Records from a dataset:
──────
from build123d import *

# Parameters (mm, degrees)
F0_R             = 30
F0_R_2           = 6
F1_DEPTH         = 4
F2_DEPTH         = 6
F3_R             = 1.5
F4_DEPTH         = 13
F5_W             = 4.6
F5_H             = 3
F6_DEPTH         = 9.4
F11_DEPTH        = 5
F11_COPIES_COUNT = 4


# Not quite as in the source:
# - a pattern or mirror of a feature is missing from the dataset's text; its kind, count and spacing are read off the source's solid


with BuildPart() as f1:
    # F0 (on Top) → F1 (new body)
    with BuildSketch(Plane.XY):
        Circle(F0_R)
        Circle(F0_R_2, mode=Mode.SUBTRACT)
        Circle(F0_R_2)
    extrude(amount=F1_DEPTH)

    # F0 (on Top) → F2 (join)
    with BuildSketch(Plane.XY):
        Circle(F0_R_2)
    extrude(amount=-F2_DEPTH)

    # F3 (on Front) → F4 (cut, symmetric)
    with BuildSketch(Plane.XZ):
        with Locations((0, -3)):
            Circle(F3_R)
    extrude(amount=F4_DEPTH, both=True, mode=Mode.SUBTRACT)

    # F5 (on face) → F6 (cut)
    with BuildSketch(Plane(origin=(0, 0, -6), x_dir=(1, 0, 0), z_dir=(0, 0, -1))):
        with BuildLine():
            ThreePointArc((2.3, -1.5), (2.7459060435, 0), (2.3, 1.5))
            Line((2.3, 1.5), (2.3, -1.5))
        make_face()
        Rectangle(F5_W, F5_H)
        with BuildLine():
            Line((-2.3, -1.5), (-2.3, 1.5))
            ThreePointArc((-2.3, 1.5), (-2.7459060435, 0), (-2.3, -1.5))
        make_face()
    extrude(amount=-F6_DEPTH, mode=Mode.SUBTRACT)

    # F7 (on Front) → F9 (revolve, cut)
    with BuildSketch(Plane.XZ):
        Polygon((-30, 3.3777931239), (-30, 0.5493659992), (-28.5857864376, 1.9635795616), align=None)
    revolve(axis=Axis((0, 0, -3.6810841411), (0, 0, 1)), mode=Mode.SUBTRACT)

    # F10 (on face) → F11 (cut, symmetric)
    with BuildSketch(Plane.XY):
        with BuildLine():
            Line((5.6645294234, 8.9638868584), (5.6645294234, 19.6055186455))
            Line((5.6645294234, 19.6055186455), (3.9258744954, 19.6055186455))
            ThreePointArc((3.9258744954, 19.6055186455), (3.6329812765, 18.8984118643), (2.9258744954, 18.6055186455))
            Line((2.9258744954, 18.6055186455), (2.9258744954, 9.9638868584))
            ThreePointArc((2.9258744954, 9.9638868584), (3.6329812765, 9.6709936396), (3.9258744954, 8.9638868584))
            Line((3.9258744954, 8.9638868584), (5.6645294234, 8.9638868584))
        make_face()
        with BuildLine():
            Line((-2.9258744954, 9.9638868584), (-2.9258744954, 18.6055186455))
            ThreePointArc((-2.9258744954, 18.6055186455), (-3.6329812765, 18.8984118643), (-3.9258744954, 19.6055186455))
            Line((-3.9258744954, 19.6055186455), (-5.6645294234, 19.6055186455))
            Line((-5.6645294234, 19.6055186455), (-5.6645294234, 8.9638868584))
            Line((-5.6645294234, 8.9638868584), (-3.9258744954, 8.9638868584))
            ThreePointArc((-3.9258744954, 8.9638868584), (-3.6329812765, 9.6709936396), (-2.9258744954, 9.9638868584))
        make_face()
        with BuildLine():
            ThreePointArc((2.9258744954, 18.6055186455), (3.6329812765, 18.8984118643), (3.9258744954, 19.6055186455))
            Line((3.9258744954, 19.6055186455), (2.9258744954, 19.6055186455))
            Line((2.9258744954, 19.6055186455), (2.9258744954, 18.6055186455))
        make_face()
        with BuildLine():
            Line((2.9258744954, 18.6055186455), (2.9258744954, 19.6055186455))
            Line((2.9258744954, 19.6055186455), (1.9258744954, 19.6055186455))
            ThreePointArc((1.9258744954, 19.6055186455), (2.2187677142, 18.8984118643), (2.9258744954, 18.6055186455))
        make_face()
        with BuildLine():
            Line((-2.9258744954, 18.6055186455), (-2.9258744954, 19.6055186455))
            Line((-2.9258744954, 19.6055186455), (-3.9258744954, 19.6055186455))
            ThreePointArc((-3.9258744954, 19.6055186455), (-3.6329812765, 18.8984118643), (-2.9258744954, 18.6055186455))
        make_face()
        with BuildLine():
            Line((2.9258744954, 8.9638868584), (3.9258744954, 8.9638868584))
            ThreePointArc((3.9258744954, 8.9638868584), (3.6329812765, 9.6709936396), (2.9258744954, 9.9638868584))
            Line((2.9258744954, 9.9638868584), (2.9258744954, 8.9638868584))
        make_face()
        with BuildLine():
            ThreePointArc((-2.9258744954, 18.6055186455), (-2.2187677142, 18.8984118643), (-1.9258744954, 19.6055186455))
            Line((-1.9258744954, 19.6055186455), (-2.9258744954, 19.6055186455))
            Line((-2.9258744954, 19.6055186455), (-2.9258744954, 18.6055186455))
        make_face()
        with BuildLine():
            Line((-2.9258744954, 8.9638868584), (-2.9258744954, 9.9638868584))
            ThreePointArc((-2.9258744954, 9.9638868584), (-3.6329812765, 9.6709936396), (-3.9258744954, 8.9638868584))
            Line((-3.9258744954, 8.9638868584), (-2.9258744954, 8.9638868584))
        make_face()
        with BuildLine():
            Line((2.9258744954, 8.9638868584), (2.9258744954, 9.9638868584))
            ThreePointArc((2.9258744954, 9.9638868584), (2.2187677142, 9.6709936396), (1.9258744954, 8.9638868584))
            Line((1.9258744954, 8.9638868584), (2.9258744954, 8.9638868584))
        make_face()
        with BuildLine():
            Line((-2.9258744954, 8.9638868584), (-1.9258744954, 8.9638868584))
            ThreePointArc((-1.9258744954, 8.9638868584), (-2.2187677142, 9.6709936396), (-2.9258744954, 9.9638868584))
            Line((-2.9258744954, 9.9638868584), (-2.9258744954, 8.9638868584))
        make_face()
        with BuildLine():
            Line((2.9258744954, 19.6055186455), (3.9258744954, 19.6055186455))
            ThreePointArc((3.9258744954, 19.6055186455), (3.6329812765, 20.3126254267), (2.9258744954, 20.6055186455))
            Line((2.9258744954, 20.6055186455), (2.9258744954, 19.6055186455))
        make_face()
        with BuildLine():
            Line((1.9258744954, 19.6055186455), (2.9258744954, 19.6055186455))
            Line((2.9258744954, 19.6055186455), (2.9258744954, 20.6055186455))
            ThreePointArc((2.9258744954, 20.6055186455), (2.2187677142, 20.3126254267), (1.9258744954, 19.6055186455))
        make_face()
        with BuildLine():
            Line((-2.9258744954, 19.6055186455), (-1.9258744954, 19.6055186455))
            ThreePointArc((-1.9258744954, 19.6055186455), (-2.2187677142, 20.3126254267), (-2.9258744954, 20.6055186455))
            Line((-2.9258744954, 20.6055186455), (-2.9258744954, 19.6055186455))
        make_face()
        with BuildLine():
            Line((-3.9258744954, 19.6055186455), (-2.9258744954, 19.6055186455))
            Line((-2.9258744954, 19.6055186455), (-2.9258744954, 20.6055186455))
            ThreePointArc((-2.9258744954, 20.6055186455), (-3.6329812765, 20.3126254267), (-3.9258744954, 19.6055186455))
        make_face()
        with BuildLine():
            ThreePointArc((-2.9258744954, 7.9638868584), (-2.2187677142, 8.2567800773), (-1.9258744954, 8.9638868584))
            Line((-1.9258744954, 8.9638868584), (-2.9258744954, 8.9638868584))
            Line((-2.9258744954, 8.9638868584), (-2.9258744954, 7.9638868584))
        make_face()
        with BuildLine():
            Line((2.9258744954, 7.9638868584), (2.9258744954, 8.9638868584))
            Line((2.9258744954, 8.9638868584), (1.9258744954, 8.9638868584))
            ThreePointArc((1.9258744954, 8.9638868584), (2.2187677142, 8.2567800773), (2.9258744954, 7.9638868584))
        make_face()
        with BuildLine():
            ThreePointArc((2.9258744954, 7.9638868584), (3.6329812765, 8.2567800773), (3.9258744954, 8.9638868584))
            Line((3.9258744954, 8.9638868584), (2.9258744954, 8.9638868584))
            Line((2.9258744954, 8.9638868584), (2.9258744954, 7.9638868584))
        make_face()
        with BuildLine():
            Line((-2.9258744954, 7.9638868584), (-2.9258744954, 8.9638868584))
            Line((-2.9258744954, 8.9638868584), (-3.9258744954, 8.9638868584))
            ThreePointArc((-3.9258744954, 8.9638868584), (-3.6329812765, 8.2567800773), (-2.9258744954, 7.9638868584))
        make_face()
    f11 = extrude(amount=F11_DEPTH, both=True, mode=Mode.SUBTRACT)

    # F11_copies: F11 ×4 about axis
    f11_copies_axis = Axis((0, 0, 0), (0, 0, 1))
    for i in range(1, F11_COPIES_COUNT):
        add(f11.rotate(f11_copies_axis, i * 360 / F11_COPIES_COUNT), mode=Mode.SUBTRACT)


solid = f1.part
──────
» DESCRIPTION OF THE TASK
Only lines with the word "Circle" are needed. Copy them from the preceding records.

» WRITTEN RESPONSE
        Circle(F0_R)
        Circle(F0_R_2, mode=Mode.SUBTRACT)
        Circle(F0_R_2)
        Circle(F0_R_2)
            Circle(F3_R)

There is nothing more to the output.